Update: CTI BioPharma announced on Tuesday that the FDA had placed pacritinib on a full clinical hold, after previously placing the drug on a partial hold. A full clinical hold means all patients must immediately discontinue use of pacritinib and no new patients can be enrolled in trials.
Dive Brief:
- CTI BioPharma shares plummeted more than 63% in early Monday trading after the FDA issued a partial clinical hold on a phase 3 myelofibrosis medication. CTI's partner on the therapy, Baxalta, dropped more than 3%. The FDA subsequently upgraded the partial hold to full on Tuesday, meaning all patients must discontinue pacritinib immediately.
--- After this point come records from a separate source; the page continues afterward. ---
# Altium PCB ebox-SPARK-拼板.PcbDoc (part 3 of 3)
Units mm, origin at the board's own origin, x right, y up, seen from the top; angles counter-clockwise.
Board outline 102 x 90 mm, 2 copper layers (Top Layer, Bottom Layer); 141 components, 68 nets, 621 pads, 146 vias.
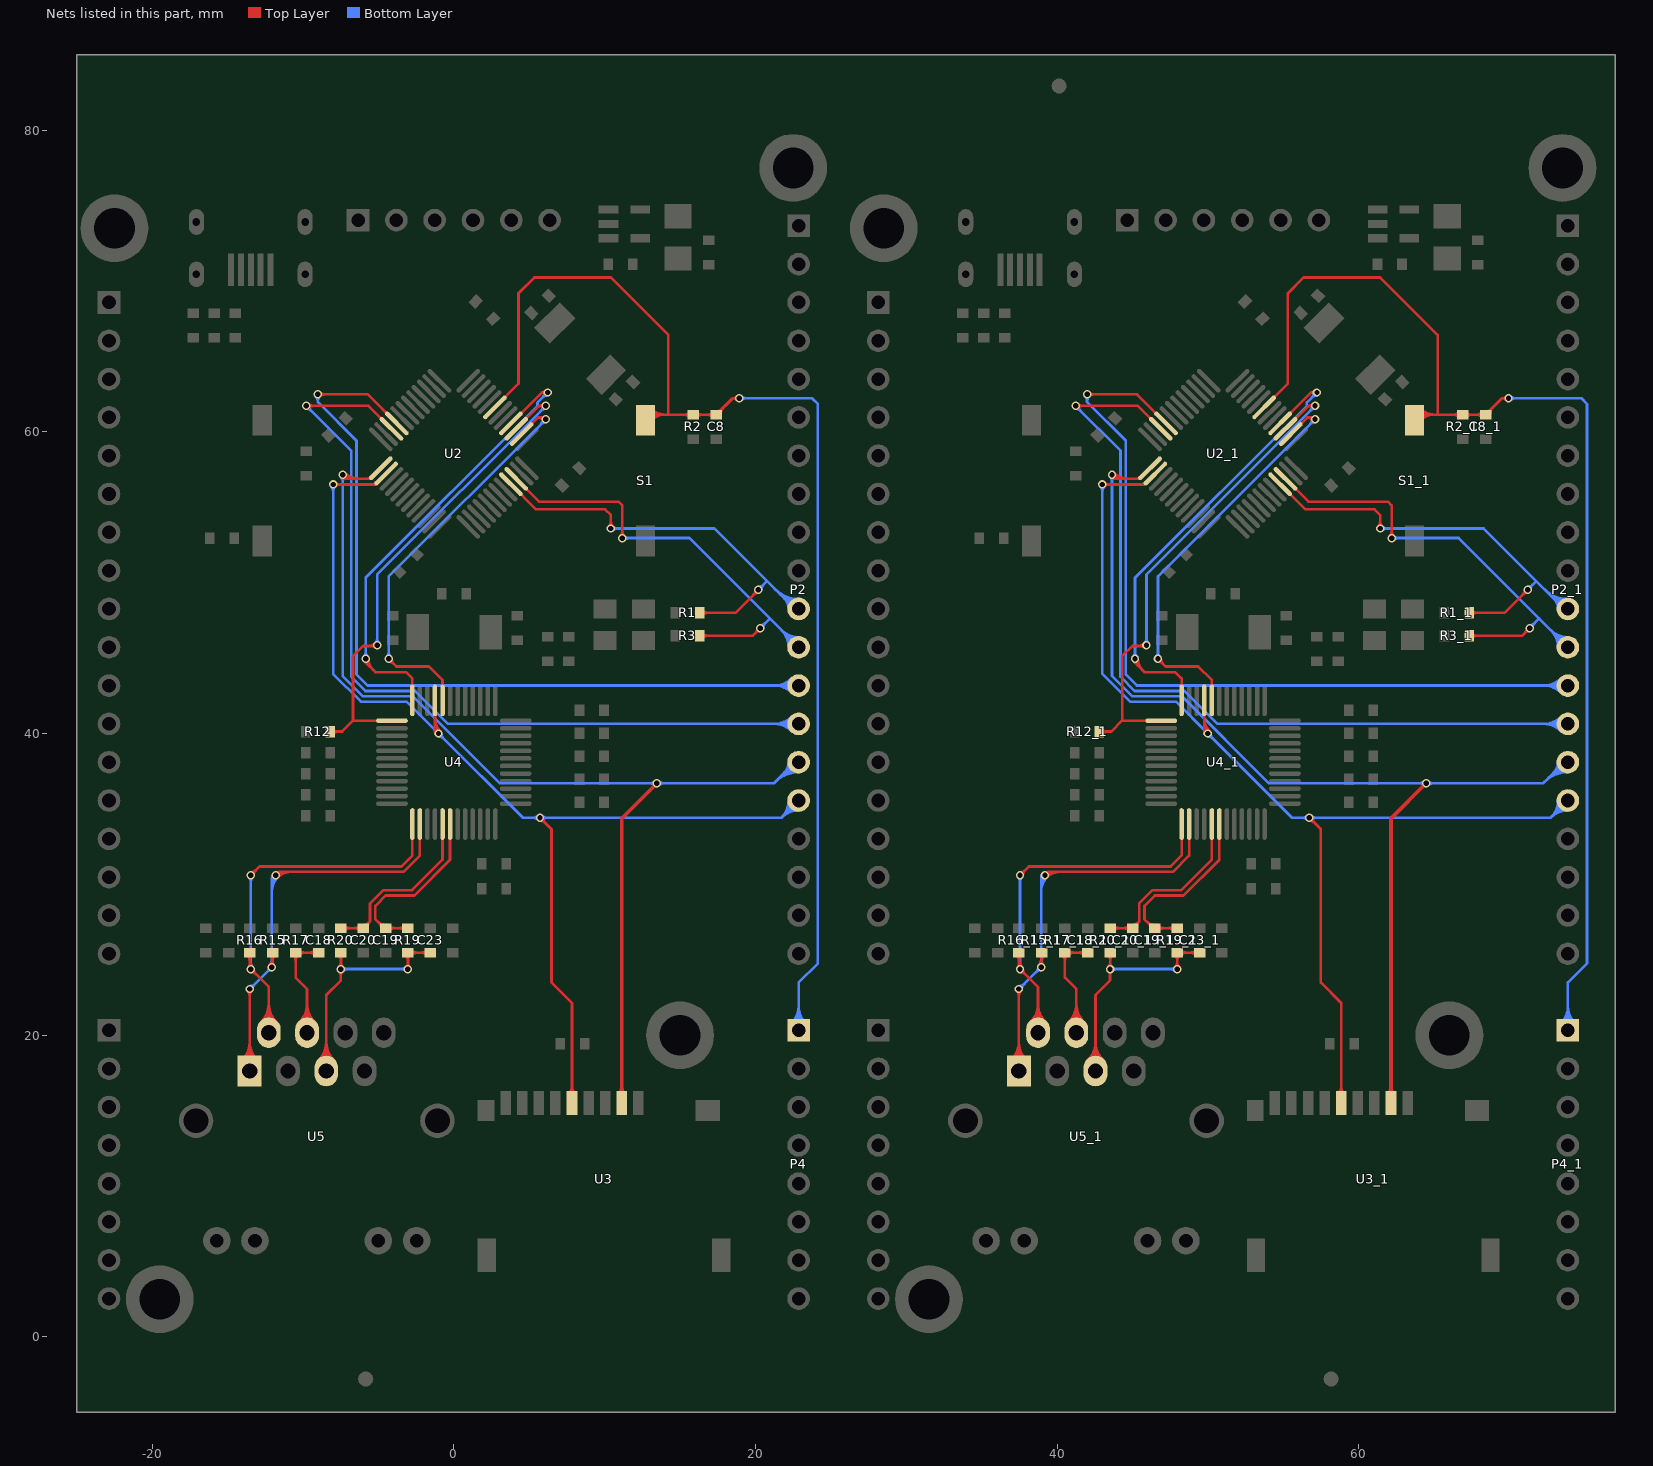
[diagram p3: the nets of this part, all layers, seen from the top]

## Via types
v1: diameter 0.559, hole 0.356, Top Layer to Bottom Layer, tented both sides, 140 vias
v2: diameter 1, hole 1, Top Layer to Bottom Layer, tented both sides, 4 vias
v3: diameter 1.27, hole 0.711, Top Layer to Bottom Layer, tented both sides, 2 vias

## Nets (pads, with @x,y where several pads share a name; then routed paths per layer and width w, separated by ;. In a path a pad name is that pad's centre, name@x,y a point inside that pad or via, vN(x,y) a via of type N, cw(c..) or ccw(c..) an arc to the next point about the centre after c; other vN are vias at no path point) (continued)
PB8: P2.11 P2_1.11 R1.1 R1_1.1 U2.45 U2_1.45 | length 76.4
  Top Layer w0.178: U2.45@3.783,56.532 5.451,54.864 10.033,54.864 10.414,54.483 v1(10.414,53.594) ; v1@10.279,53.729 ccw(c9.954,54.054) 10.414,54.054 ccw(c10.874,54.054) v1@10.549,53.729 ; R1.1@16.307,48.006 18.669,48.006 v1(20.193,49.53) ; R1.1@16.468,47.844 cw(c16.859,47.454) 16.859,48.006 cw(c16.859,48.558) R1.1@16.468,48.168 ; v1@20.002,49.53 cw(c19.543,49.53) 19.868,49.205 cw(c20.193,48.88) v1@20.193,49.34 ; U2_1.45@54.783,56.532 56.451,54.864 61.033,54.864 61.414,54.483 v1(61.414,53.594) ; v1@61.279,53.729 ccw(c60.954,54.054) 61.414,54.054 ccw(c61.874,54.054) v1@61.549,53.729 ; R1_1.1@67.307,48.006 69.669,48.006 v1(71.193,49.53) ; R1_1.1@67.468,47.844 cw(c67.859,47.454) 67.859,48.006 cw(c67.859,48.558) R1_1.1@67.468,48.168 ; v1@71.002,49.53 cw(c70.543,49.53) 70.868,49.205 cw(c71.193,48.88) v1@71.193,49.34
  Bottom Layer w0.178: v1(10.414,53.594) 17.272,53.594 22.606,48.26 P2.11@22.86,48.26 ; v1@10.549,53.459 cw(c10.874,53.134) 10.874,53.594 cw(c10.874,54.054) v1@10.549,53.729 ; v1(20.193,49.53) 20.735,50.072 ; v1@20.193,49.721 ccw(c20.193,50.18) 20.518,49.855 ccw(c20.843,49.53) v1@20.383,49.53 ; 21.298,49.568 ccw(c22.86,51.13) P2.11@22.86,48.921 ; 21.601,49.265 ccw(c22.86,50.523) P2.11@22.86,48.743 ; 21.905,48.961 ccw(c22.86,49.916) P2.11@22.86,48.565 ; 21.911,48.955 cw(c21.216,48.26) P2.11@22.199,48.26 ; 22.208,48.658 ccw(c22.86,49.309) P2.11@22.86,48.388 ; 22.215,48.651 cw(c21.823,48.26) P2.11@22.377,48.26 ; v1(61.414,53.594) 68.272,53.594 73.606,48.26 P2_1.11@73.86,48.26 ; v1@61.549,53.459 cw(c61.874,53.134) 61.874,53.594 cw(c61.874,54.054) v1@61.549,53.729 ; v1(71.193,49.53) 71.735,50.072 ; v1@71.193,49.721 ccw(c71.193,50.18) 71.518,49.855 ccw(c71.843,49.53) v1@71.383,49.53 ; 72.298,49.568 ccw(c73.86,51.13) P2_1.11@73.86,48.921 ; 72.601,49.265 ccw(c73.86,50.523) P2_1.11@73.86,48.743 ; 72.905,48.961 ccw(c73.86,49.916) P2_1.11@73.86,48.565 ; 72.911,48.955 cw(c72.216,48.26) P2_1.11@73.199,48.26 ; 73.208,48.658 ccw(c73.86,49.309) P2_1.11@73.86,48.388 ; 73.215,48.651 cw(c72.823,48.26) P2_1.11@73.377,48.26
PB9: P2.12 P2_1.12 R3.1 R3_1.1 U2.46 U2_1.46 | length 75.9
  Top Layer w0.178: U2.46@4.137,56.885 5.65,55.372 10.922,55.372 11.176,55.118 v1(11.176,52.959) ; v1@11.041,53.094 ccw(c10.716,53.419) 11.176,53.419 ccw(c11.636,53.419) v1@11.311,53.094 ; R3.1@16.307,46.482 19.812,46.482 v1(20.32,46.99) v1@20.193,46.99 ; R3.1@16.468,46.32 cw(c16.859,45.93) 16.859,46.482 cw(c16.859,47.034) R3.1@16.468,46.644 ; v1@20.13,46.99 cw(c19.67,46.99) 19.995,46.665 cw(c20.32,46.34) v1@20.32,46.799 ; U2_1.46@55.137,56.885 56.65,55.372 61.922,55.372 62.176,55.118 v1(62.176,52.959) ; v1@62.041,53.094 ccw(c61.716,53.419) 62.176,53.419 ccw(c62.636,53.419) v1@62.311,53.094 ; R3_1.1@67.307,46.482 70.812,46.482 v1(71.32,46.99) v1@71.193,46.99 ; R3_1.1@67.468,46.32 cw(c67.859,45.93) 67.859,46.482 cw(c67.859,47.034) R3_1.1@67.468,46.644 ; v1@71.129,46.99 cw(c70.67,46.99) 70.995,46.665 cw(c71.32,46.34) v1@71.32,46.799
  Bottom Layer w0.178: v1(11.176,52.959) 15.621,52.959 20.955,47.625 ; v1@11.311,52.824 cw(c11.636,52.499) 11.636,52.959 cw(c11.636,53.419) v1@11.311,53.094 ; v1(20.32,46.99) 20.955,47.625 ; v1@20.32,47.18 ccw(c20.32,47.64) 20.645,47.315 ccw(c20.97,46.99) v1@20.51,46.99 ; P2.12@22.199,45.72 ccw(c20.603,45.72) 21.731,46.849 ccw(c22.86,47.977) P2.12@22.86,46.381 ; P2.12@22.377,45.72 ccw(c21.21,45.72) 22.035,46.545 ccw(c22.86,47.37) P2.12@22.86,46.203 ; P2.12@22.86,45.72 20.955,47.625 ; v1(62.176,52.959) 66.621,52.959 71.955,47.625 ; v1@62.311,52.824 cw(c62.636,52.499) 62.636,52.959 cw(c62.636,53.419) v1@62.311,53.094 ; v1(71.32,46.99) 71.955,47.625 ; v1@71.32,47.18 ccw(c71.32,47.64) 71.645,47.315 ccw(c71.97,46.99) v1@71.51,46.99 ; P2_1.12@73.199,45.72 ccw(c71.603,45.72) 72.731,46.849 ccw(c73.86,47.977) P2_1.12@73.86,46.381 ; P2_1.12@73.377,45.72 ccw(c72.21,45.72) 73.035,46.545 ccw(c73.86,47.37) P2_1.12@73.86,46.203 ; P2_1.12@73.86,45.72 71.955,47.625
PB10: P2.13 P2_1.13 U2.21 U2_1.21 | length 122.1
  Top Layer w0.178: v1(-9.017,62.484) -5.705,62.484 U2.21@-3.783,60.562 ; v1@-8.882,62.349 cw(c-8.557,62.024) -8.557,62.484 cw(c-8.557,62.944) v1@-8.882,62.619 ; v1(41.983,62.484) 45.295,62.484 U2_1.21@47.217,60.562 ; v1@42.118,62.349 cw(c42.443,62.024) 42.443,62.484 cw(c42.443,62.944) v1@42.118,62.619
  Bottom Layer w0.178: v1@-9.152,62.349 cw(c-9.477,62.024) -9.017,62.024 cw(c-8.557,62.024) v1@-8.882,62.349 ; v1(-9.017,62.484) -9.017,61.976 -6.452,59.411 -6.452,43.917 -5.715,43.18 19.558,43.18 P2.13@22.86,43.18 ; P2.13@22.393,42.713 ccw(c21.264,41.584) 21.264,43.18 ccw(c21.264,44.776) P2.13@22.393,43.647 ; P2.13@22.518,42.838 ccw(c21.693,42.013) 21.693,43.18 ccw(c21.693,44.347) P2.13@22.518,43.522 ; v1@41.848,62.349 cw(c41.523,62.024) 41.983,62.024 cw(c42.443,62.024) v1@42.118,62.349 ; v1(41.983,62.484) 41.983,61.976 44.548,59.411 44.548,43.917 45.285,43.18 70.558,43.18 P2_1.13@73.86,43.18 ; P2_1.13@73.393,42.713 ccw(c72.264,41.584) 72.264,43.18 ccw(c72.264,44.776) P2_1.13@73.393,43.647 ; P2_1.13@73.518,42.838 ccw(c72.693,42.013) 72.693,43.18 ccw(c72.693,44.347) P2_1.13@73.518,43.522
PB11: P2.14 P2_1.14 U2.22 U2_1.22 | length 124.4
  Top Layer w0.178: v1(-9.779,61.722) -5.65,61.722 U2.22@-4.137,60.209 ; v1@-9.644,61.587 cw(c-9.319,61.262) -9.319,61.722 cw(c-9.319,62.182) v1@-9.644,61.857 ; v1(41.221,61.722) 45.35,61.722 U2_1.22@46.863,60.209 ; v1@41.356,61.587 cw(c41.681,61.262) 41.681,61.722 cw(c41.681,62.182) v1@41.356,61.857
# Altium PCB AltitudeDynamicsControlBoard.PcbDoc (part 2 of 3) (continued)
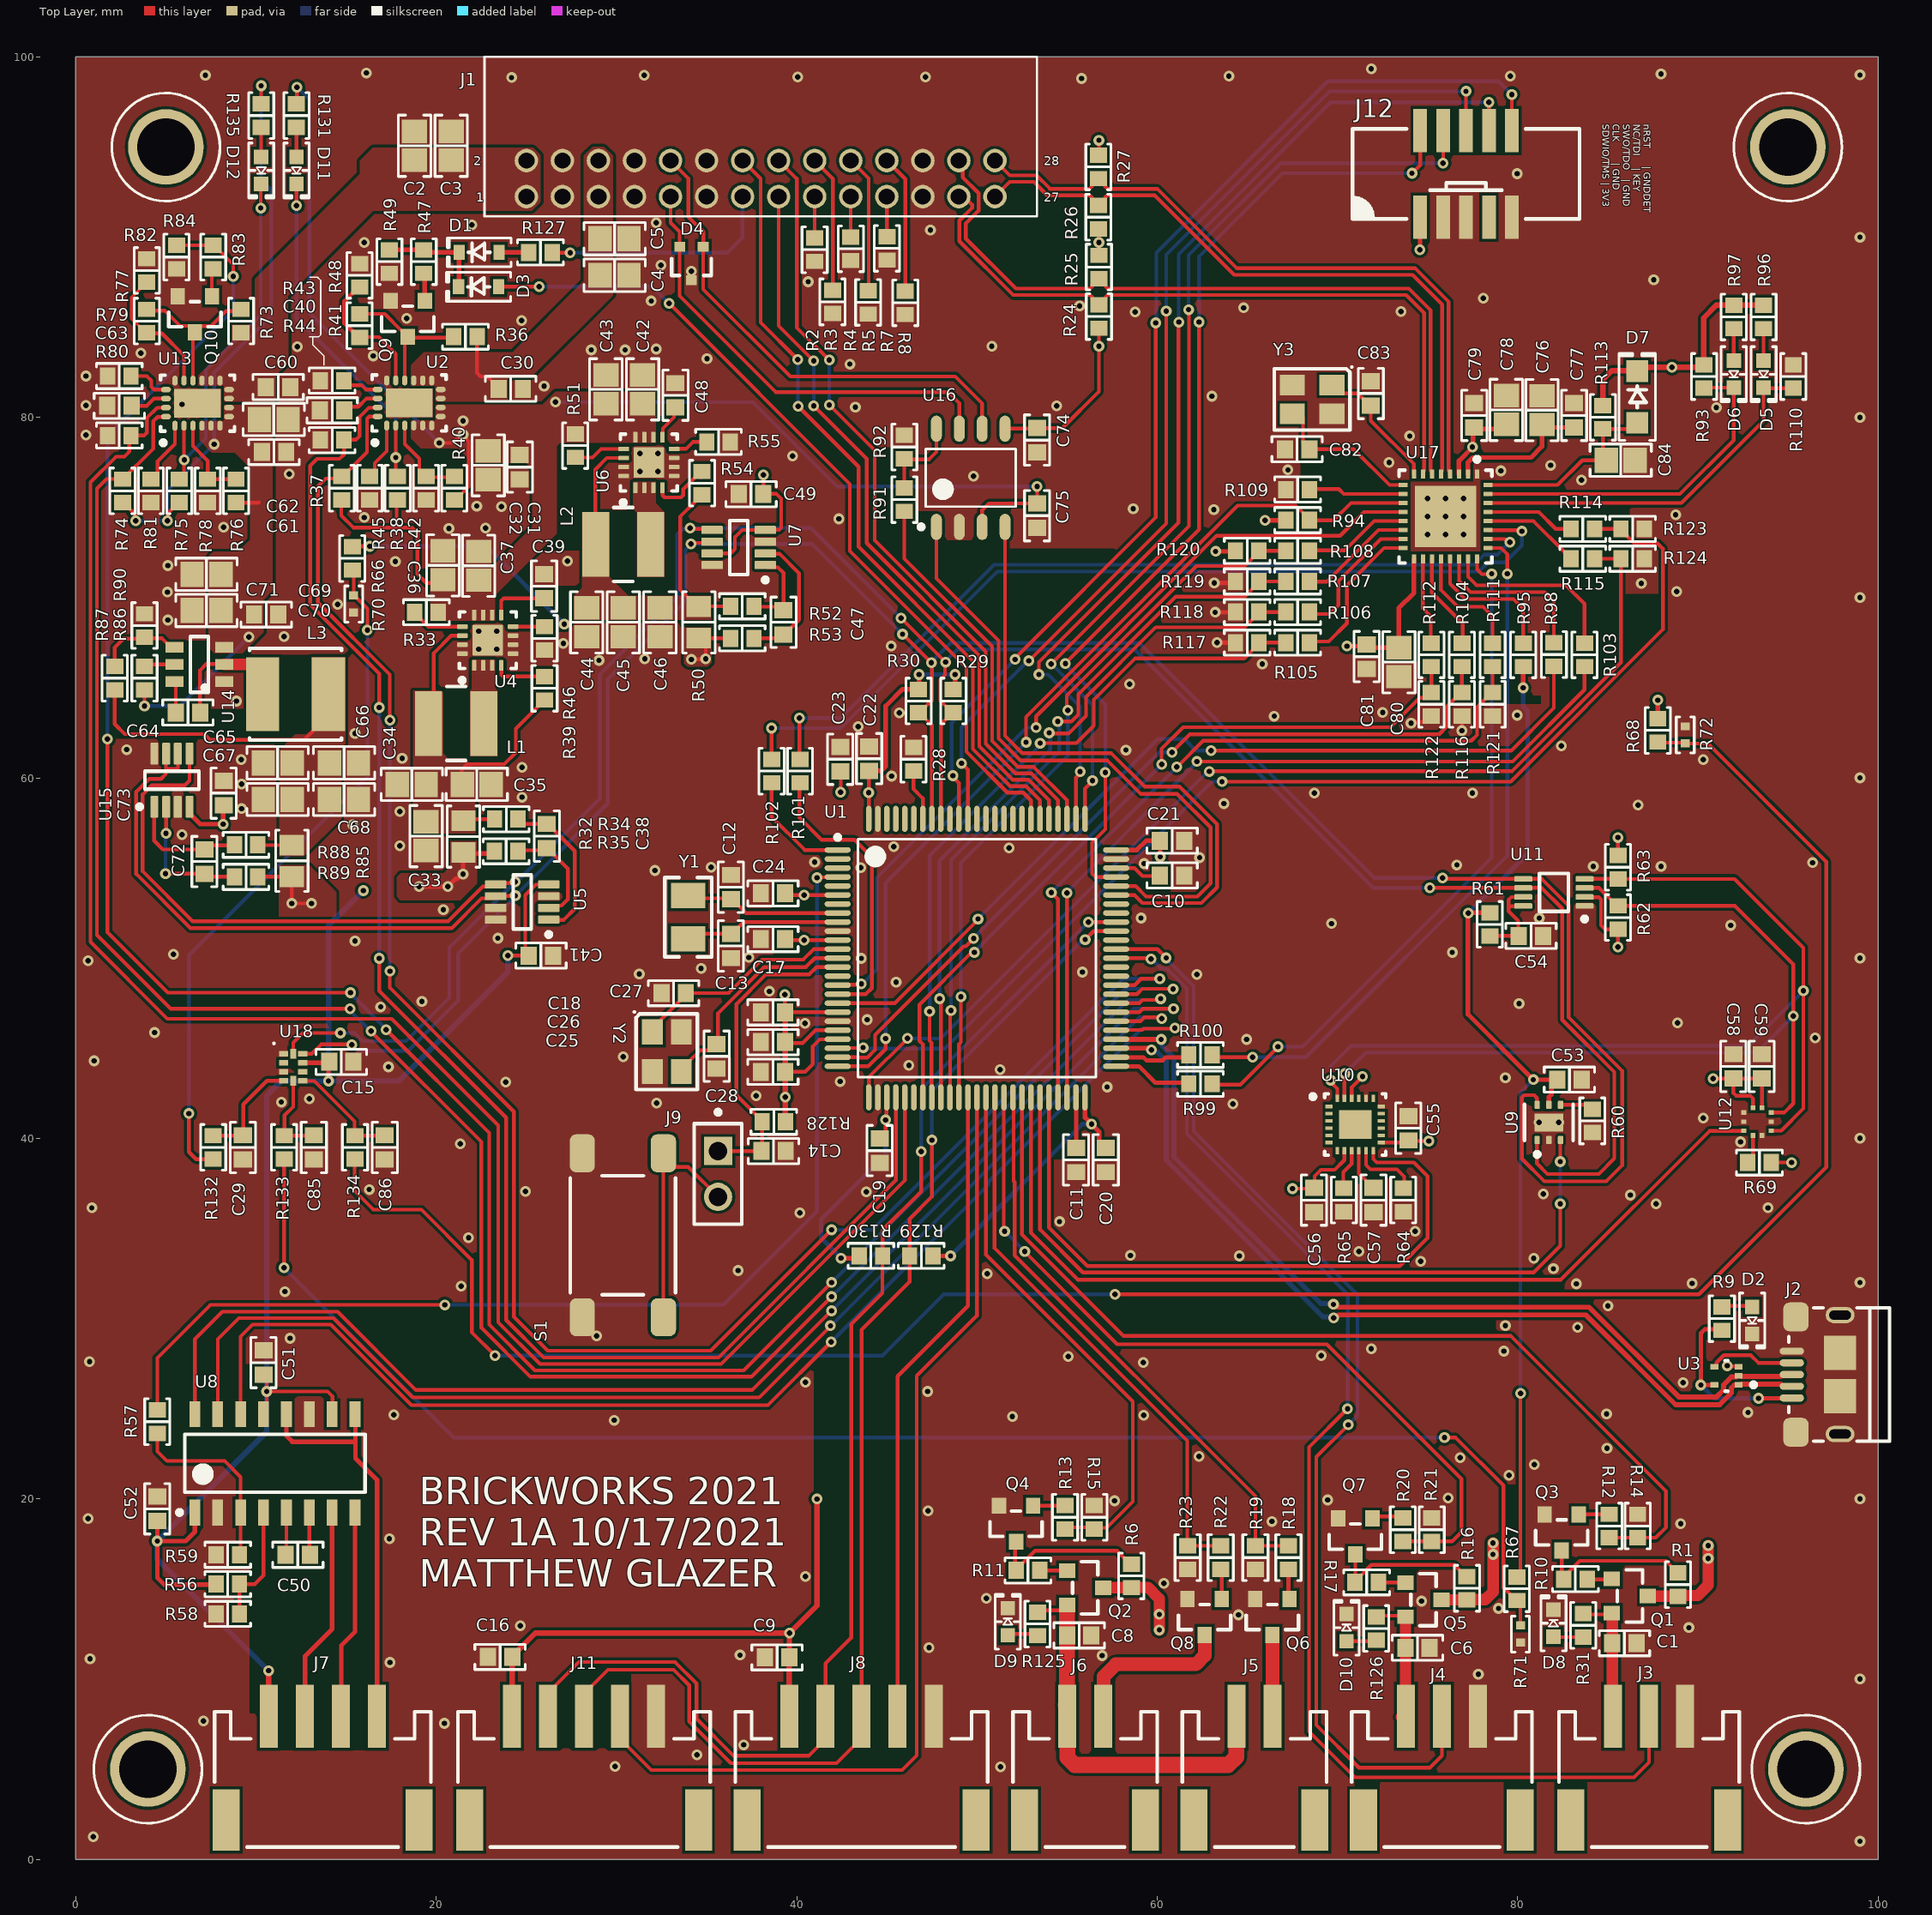
[diagram p0: Top Layer view]
## Nets (pads, with @x,y where several pads share a name; then routed paths per layer and width w, separated by ;. In a path a pad name is that pad's centre, name@x,y a point inside that pad or via, vN(x,y) a via of type N, cw(c..) or ccw(c..) an arc to the next point about the centre after c; other vN are vias at no path point) (continued)
  Bottom Layer w0.203: v1(80.162,25.857) 80.162,42.545 v1@80.823,43.205
  Bottom Layer w0.254: v1(16.307,72.847) 22.784,72.847 v1(27.102,68.529) ; v1(42.467,33.352) 41.351,34.468 41.351,35.509 44.933,39.091 v1(44.933,41.021) ; v1(46.787,65.735) v1(48.789,65.735) ; v1(48.539,33.477) 55.855,40.792 v1(56.363,40.792) ; v1(77.267,52.502) 80.559,55.794 80.559,63.715 80.315,63.959 v1(80.315,64.999)
  Bottom Layer w0.305: v1(10.693,10.465) 4.521,16.637 v1(4.521,17.653) 10.592,23.724 v1(10.592,25.959) 10.592,42.367 11.405,43.18 v1(14.021,43.18) ; v1(15.951,53.746) 14.021,51.816 v1(14.021,43.18) ; v1@23.952,50.165 v1(23.978,50.14) 23.978,49.225 17.932,43.18 v1(14.021,43.18)
+5: C31.2 C32.2 C36.2 C37.2 C42.2 C43.2 C75.2 Q2.3 R6.2 R33.2 R37.2 R38.2 R40.2 R51.2 R131.1 U2.4 U2.5 U2.6 U2.7 U2.8 U4.10 U4.11 U4.12 U6.10 U6.11 U6.12 U16.3 | length 79.8
  Top Layer w0.203: R131.1@12.243,97.399 12.268,97.424 v1(12.268,98.323) ; R37.2@14.402,75.1 14.725,75.423 R37.2@14.757,75.423 ; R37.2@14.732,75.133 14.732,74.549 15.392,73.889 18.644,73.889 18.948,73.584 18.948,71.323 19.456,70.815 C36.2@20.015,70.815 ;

- Pacritinib is an oral kinase inhibitor that would be the first JAK2 inhibitor approved for treating myelofibrosis, a type of chronic blood cancer.
- Regulators issued the full clinical hold after finding that patients who were in the late-stage study's drug arm were beginning to die at a higher rate and experiencing more adverse events than those in the placebo arm.
Dive Insight:
Investors reacted swiftly and mercilessly upon learning about the initial partial hold. CTI expounded upon the FDA's decision in a statement.
"The excess mortality was most evident during the non-randomized crossover period following the initial 24 weeks of randomized treatment, during which patients in the control arm could switch to pacritinib treatment," said the company.
"In prior correspondence, the FDA acknowledged the difficulty addressing non-significant results, and that crossover designs can confound the interpretation of safety as well as the evaluation of survival."
There have been a number of cases in which the FDA has issued holds related to medication safety concerns in recent months. Zafgen, which is attempting to create a therapy for the treatment of obesity linked to Prader-Wilii syndrome, was slapped with a complete clinical hold after two patient deaths which may have been associated with the therapy.
The question is: What will a more complete reading of the data demonstrate? As CTI pointed out in its statement, assessing the full significance of the elevated death rate is difficult considering that the most pronounced effect was witnesses during a "crossover" period where patients could switch between the placebo and drug arms of the study.
In January, Shire announced that it would be purchasing Baxalta, which itself is a spinoff of Baxter, for $32 billion.